* Input:
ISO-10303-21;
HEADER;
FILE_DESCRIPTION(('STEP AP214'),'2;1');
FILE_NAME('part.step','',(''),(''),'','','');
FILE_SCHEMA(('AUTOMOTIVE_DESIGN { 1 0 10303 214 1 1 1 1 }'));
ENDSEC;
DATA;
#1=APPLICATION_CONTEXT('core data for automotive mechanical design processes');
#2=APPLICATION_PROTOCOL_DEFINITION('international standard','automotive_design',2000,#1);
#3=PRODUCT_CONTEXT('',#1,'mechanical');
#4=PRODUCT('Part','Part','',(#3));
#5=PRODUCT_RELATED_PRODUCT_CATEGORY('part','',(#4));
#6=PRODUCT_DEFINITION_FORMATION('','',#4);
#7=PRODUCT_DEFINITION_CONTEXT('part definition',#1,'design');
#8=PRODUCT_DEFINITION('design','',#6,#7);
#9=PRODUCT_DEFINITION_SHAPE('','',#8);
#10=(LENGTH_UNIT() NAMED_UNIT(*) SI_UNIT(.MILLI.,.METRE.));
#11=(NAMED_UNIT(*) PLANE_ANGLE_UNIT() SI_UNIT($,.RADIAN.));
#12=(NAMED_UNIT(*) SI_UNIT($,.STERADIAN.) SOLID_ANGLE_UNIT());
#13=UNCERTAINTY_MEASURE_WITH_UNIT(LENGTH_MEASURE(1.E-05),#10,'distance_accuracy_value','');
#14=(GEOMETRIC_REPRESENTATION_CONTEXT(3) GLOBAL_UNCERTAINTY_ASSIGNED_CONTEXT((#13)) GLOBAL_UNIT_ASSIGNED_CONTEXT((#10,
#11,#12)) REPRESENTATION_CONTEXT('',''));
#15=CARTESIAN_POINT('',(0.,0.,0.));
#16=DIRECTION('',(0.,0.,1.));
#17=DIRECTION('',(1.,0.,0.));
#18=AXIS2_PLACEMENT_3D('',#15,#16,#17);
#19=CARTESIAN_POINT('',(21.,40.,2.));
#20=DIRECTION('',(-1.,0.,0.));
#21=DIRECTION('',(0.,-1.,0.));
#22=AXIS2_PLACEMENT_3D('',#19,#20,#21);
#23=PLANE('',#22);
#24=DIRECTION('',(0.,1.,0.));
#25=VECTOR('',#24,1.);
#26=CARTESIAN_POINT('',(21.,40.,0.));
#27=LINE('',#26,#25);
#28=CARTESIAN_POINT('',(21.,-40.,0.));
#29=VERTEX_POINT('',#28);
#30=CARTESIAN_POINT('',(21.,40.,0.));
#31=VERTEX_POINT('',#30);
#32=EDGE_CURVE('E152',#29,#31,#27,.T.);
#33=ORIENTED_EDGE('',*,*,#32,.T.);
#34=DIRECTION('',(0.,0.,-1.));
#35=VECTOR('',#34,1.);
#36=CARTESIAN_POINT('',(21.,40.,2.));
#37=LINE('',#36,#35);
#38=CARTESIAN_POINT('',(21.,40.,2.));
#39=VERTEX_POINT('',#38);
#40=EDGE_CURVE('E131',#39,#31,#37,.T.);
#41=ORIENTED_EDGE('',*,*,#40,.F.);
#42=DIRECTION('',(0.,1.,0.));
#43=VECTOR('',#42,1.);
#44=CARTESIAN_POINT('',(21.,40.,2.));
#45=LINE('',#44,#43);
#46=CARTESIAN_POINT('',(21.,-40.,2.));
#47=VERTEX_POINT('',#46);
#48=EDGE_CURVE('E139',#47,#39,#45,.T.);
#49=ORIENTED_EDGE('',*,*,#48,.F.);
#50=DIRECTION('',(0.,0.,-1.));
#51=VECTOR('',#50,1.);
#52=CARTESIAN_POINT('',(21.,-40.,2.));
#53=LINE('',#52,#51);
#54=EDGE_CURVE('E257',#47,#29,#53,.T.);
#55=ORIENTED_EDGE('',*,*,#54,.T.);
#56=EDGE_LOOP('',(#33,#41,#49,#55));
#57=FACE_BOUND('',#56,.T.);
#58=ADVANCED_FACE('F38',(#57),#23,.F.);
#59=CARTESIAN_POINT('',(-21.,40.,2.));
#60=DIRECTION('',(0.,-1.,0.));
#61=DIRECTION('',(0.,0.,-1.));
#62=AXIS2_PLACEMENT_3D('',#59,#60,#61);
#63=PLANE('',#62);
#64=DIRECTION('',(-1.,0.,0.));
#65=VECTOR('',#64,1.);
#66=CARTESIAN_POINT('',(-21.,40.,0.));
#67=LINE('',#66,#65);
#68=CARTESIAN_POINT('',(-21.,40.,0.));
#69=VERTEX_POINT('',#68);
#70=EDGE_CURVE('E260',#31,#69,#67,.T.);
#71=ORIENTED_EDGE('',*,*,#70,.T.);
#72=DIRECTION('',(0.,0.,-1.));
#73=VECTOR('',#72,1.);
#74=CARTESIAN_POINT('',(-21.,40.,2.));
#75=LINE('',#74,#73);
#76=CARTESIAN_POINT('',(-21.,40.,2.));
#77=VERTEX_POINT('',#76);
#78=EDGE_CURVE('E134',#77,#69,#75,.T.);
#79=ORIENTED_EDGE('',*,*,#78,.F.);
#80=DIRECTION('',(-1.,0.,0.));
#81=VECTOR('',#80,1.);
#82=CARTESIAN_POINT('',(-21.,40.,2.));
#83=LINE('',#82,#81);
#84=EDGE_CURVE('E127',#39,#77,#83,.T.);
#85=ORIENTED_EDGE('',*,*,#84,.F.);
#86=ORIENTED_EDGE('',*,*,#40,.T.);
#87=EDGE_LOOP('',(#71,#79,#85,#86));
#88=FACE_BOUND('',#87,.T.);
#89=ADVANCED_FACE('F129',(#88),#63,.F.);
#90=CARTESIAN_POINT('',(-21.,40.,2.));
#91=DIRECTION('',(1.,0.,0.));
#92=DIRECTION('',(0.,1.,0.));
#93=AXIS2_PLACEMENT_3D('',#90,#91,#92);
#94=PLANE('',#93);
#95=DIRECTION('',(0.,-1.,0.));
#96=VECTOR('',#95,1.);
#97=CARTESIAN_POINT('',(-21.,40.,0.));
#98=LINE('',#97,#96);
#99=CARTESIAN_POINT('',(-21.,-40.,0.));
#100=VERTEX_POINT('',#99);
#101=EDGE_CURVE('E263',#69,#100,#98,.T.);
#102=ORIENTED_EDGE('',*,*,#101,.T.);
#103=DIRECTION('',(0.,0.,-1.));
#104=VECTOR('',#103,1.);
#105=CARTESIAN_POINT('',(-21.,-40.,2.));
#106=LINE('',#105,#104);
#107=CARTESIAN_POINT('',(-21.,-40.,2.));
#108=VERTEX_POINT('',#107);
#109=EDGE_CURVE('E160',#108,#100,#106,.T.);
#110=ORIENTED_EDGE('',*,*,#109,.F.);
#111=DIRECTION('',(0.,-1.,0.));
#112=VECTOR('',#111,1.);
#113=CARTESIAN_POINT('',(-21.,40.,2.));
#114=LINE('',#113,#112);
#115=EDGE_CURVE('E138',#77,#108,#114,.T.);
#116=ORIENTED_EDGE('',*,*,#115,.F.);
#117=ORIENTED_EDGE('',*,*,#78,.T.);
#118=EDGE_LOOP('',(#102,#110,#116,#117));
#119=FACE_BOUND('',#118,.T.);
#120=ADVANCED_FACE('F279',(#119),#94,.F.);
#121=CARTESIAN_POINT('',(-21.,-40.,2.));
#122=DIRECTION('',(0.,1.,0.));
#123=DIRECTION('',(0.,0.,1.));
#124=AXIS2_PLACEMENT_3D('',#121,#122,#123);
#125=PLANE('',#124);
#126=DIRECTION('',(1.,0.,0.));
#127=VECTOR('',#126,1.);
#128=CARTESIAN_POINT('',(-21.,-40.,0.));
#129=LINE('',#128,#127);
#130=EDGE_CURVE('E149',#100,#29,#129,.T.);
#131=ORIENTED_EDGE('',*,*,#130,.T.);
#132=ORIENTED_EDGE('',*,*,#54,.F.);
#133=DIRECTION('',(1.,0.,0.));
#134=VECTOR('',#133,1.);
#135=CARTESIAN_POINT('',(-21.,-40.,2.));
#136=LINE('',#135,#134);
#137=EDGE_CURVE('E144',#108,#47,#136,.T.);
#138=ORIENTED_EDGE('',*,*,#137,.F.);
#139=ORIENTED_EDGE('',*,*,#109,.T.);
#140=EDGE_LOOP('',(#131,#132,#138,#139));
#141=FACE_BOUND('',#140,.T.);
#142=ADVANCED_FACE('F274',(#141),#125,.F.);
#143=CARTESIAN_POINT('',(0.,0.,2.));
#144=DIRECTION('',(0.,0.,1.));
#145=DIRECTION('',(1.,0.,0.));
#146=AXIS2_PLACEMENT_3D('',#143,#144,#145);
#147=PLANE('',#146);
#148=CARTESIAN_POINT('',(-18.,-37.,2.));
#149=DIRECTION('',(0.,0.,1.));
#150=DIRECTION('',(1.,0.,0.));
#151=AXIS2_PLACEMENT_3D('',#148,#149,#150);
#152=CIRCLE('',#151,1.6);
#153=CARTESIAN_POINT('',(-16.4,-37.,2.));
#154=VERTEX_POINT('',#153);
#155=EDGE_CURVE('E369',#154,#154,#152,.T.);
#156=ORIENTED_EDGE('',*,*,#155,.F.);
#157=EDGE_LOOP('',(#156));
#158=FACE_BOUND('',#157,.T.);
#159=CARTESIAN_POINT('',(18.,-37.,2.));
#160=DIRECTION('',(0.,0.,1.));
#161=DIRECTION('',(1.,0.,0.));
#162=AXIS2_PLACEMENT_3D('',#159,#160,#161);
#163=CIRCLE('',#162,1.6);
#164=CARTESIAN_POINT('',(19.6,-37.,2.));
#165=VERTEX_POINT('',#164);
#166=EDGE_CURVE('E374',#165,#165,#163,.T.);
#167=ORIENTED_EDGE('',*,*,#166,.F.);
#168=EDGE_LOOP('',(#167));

* About this exercise: Output the first line of the entries above and every line after it, exactly as written, ending with the line that contains "#21=DIRECTION('',(0.,-1.,0.));".

* Answer area:
ISO-10303-21;
HEADER;
FILE_DESCRIPTION(('STEP AP214'),'2;1');
FILE_NAME('part.step','',(''),(''),'','','');
FILE_SCHEMA(('AUTOMOTIVE_DESIGN { 1 0 10303 214 1 1 1 1 }'));
ENDSEC;
DATA;
#1=APPLICATION_CONTEXT('core data for automotive mechanical design processes');
#2=APPLICATION_PROTOCOL_DEFINITION('international standard','automotive_design',2000,#1);
#3=PRODUCT_CONTEXT('',#1,'mechanical');
#4=PRODUCT('Part','Part','',(#3));
#5=PRODUCT_RELATED_PRODUCT_CATEGORY('part','',(#4));
#6=PRODUCT_DEFINITION_FORMATION('','',#4);
#7=PRODUCT_DEFINITION_CONTEXT('part definition',#1,'design');
#8=PRODUCT_DEFINITION('design','',#6,#7);
#9=PRODUCT_DEFINITION_SHAPE('','',#8);
#10=(LENGTH_UNIT() NAMED_UNIT(*) SI_UNIT(.MILLI.,.METRE.));
#11=(NAMED_UNIT(*) PLANE_ANGLE_UNIT() SI_UNIT($,.RADIAN.));
#12=(NAMED_UNIT(*) SI_UNIT($,.STERADIAN.) SOLID_ANGLE_UNIT());
#13=UNCERTAINTY_MEASURE_WITH_UNIT(LENGTH_MEASURE(1.E-05),#10,'distance_accuracy_value','');
#14=(GEOMETRIC_REPRESENTATION_CONTEXT(3) GLOBAL_UNCERTAINTY_ASSIGNED_CONTEXT((#13)) GLOBAL_UNIT_ASSIGNED_CONTEXT((#10,
#11,#12)) REPRESENTATION_CONTEXT('',''));
#15=CARTESIAN_POINT('',(0.,0.,0.));
#16=DIRECTION('',(0.,0.,1.));
#17=DIRECTION('',(1.,0.,0.));
#18=AXIS2_PLACEMENT_3D('',#15,#16,#17);
#19=CARTESIAN_POINT('',(21.,40.,2.));
#20=DIRECTION('',(-1.,0.,0.));
#21=DIRECTION('',(0.,-1.,0.));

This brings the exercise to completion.